Lastly, the G-20 could also help drive momentum on climate change. Its members represent the vast majority of global greenhouse gas emissions; agreement among them at Pittsburgh would go a long way towards ensuring that December’s international Climate Change Conference in Copenhagen does not end in hot air.

Progress is needed on emission-reduction targets and on sharing knowledge and technology more widely. We also have to find a way to provide funding for adaptation and mitigation – to protect people from the impact of climate change and enable economies to grow while holding down pollution levels – while guarding against trade protection in the name of climate change mitigation.

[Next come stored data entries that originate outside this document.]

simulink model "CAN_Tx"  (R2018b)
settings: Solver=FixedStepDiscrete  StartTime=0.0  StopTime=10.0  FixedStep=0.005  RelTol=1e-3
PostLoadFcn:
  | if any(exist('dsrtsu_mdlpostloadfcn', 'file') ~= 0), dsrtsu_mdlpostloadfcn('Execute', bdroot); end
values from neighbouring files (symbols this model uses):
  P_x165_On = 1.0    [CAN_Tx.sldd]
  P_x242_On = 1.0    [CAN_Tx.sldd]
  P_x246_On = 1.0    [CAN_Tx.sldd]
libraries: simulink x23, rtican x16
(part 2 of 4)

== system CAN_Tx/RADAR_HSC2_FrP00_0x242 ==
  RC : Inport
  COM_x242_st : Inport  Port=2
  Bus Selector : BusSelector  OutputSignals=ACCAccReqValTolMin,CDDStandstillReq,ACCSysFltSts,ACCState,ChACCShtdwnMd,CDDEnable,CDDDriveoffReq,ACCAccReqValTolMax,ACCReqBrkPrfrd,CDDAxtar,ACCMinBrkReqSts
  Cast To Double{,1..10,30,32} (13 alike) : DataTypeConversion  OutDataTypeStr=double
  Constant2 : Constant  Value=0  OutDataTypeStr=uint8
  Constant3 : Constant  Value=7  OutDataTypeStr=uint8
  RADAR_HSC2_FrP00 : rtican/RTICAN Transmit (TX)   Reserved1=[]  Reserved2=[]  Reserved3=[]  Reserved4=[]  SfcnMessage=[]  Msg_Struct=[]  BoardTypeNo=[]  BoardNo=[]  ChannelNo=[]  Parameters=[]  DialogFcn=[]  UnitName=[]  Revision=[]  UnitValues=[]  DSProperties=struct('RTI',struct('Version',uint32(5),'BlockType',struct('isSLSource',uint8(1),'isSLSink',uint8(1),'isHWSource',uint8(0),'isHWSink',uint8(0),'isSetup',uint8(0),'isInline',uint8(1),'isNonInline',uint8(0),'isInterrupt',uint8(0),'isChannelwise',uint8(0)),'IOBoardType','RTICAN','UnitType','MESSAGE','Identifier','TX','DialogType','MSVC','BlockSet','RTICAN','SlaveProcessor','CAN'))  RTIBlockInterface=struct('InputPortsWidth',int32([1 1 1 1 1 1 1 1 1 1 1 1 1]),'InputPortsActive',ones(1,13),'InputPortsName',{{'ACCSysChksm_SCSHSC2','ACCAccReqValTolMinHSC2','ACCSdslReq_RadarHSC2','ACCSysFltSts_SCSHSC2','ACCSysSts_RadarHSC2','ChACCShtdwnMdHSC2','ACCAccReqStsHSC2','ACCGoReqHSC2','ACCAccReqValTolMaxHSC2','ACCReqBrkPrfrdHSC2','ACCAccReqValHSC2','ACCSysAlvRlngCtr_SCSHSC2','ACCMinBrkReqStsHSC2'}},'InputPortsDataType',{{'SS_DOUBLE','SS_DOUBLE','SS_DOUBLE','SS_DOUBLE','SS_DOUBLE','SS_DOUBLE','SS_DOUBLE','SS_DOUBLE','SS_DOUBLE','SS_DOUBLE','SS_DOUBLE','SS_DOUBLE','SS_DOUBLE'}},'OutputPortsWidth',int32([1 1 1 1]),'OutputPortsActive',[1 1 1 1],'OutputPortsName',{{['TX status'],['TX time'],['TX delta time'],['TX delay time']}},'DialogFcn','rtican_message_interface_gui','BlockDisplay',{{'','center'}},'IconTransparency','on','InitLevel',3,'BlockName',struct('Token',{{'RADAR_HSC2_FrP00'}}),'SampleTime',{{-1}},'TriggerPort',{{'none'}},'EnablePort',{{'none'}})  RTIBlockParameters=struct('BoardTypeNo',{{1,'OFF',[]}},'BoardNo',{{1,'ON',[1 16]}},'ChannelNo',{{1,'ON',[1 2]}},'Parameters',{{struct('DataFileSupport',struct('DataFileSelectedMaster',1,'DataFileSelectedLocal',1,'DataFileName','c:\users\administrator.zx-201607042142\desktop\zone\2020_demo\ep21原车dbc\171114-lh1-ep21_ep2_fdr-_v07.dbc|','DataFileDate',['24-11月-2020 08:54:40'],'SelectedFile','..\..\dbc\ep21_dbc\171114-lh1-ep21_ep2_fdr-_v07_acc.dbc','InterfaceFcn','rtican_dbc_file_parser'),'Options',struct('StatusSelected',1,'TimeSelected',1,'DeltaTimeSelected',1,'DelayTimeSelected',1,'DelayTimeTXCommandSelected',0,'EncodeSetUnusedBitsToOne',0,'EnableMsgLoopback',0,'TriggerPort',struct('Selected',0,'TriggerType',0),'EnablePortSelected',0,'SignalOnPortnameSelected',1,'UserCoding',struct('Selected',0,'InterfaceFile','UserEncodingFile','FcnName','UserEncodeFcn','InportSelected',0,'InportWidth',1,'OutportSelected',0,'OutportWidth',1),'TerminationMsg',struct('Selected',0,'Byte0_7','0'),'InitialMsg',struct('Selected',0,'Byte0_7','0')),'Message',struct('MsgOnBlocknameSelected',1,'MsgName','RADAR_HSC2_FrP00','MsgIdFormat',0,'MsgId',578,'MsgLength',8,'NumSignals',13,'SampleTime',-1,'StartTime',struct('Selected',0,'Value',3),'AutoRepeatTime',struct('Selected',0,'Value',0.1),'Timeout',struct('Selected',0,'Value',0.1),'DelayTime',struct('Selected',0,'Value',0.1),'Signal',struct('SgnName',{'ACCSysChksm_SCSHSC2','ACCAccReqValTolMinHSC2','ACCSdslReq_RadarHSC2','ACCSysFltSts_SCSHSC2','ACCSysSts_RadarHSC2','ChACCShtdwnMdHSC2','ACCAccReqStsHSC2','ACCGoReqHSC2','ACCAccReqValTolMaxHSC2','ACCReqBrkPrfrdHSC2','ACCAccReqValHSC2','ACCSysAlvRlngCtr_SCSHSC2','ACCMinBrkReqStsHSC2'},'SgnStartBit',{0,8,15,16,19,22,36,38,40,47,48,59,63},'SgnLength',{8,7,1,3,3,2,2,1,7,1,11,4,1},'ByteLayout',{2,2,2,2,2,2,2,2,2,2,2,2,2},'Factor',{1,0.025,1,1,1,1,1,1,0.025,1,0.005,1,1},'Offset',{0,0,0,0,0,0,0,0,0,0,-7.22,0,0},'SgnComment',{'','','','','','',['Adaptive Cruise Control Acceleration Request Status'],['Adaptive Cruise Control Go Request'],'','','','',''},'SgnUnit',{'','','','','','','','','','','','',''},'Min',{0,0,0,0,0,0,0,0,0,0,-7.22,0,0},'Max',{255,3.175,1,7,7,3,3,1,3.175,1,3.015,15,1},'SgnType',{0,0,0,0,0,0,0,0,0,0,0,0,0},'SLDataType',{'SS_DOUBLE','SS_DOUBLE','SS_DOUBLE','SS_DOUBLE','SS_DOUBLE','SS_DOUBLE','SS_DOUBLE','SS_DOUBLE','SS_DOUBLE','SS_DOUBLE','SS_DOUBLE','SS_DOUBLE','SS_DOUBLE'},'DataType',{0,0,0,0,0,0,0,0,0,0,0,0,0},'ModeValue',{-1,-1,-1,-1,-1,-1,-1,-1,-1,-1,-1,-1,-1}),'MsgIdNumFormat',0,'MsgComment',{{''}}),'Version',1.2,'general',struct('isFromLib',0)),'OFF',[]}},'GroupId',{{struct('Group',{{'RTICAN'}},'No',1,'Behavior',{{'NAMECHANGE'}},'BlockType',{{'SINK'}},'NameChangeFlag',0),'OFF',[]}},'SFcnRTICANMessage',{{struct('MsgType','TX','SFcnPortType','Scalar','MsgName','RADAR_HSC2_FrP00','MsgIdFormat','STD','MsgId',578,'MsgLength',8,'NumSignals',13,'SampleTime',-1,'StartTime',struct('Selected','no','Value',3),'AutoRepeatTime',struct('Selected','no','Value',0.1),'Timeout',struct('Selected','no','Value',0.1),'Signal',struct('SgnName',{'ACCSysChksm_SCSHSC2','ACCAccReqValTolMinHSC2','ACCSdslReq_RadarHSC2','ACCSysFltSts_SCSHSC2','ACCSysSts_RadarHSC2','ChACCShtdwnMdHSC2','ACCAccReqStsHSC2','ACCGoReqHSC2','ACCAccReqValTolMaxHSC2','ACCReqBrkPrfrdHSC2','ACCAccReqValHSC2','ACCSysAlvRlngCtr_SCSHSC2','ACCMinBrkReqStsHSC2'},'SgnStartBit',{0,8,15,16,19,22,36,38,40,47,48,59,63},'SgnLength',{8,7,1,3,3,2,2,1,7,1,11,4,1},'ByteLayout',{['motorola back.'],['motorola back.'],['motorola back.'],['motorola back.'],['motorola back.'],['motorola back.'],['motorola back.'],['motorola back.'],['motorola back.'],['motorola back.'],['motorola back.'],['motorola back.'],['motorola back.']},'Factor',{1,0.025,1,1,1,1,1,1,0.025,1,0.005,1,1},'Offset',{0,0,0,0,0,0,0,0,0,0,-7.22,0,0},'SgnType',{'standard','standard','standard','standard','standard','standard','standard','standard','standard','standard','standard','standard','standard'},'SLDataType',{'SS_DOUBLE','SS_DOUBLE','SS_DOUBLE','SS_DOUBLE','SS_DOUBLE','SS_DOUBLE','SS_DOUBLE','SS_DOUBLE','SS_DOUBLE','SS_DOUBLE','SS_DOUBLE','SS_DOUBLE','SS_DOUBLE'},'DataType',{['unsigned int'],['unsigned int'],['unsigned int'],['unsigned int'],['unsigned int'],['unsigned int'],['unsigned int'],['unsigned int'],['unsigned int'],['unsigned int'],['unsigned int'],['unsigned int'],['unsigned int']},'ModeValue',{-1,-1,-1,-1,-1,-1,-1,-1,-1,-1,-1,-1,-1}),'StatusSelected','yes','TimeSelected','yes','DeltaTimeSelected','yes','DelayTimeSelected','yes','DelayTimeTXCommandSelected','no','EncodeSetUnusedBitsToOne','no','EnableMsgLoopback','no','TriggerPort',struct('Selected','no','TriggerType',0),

The challenges of our time are many, complex and intertwined. The G-20 in London was responsive to the concerns and special circumstances of the developing world, which resulted in some big thinking. Sceptics fear that now that the collective financial threat is perceived, rightly or wrongly, to be manageable, the Pittsburgh Summit will result in a weak compromise that reflects divergent national interests rather than a sense of urgency about tackling climate change, chronic poverty and ineffective global governance. G-20 leaders need again to manage difficult domestic pressures, overcome narrow agendas and resist populist temptations – and prove the sceptics wrong.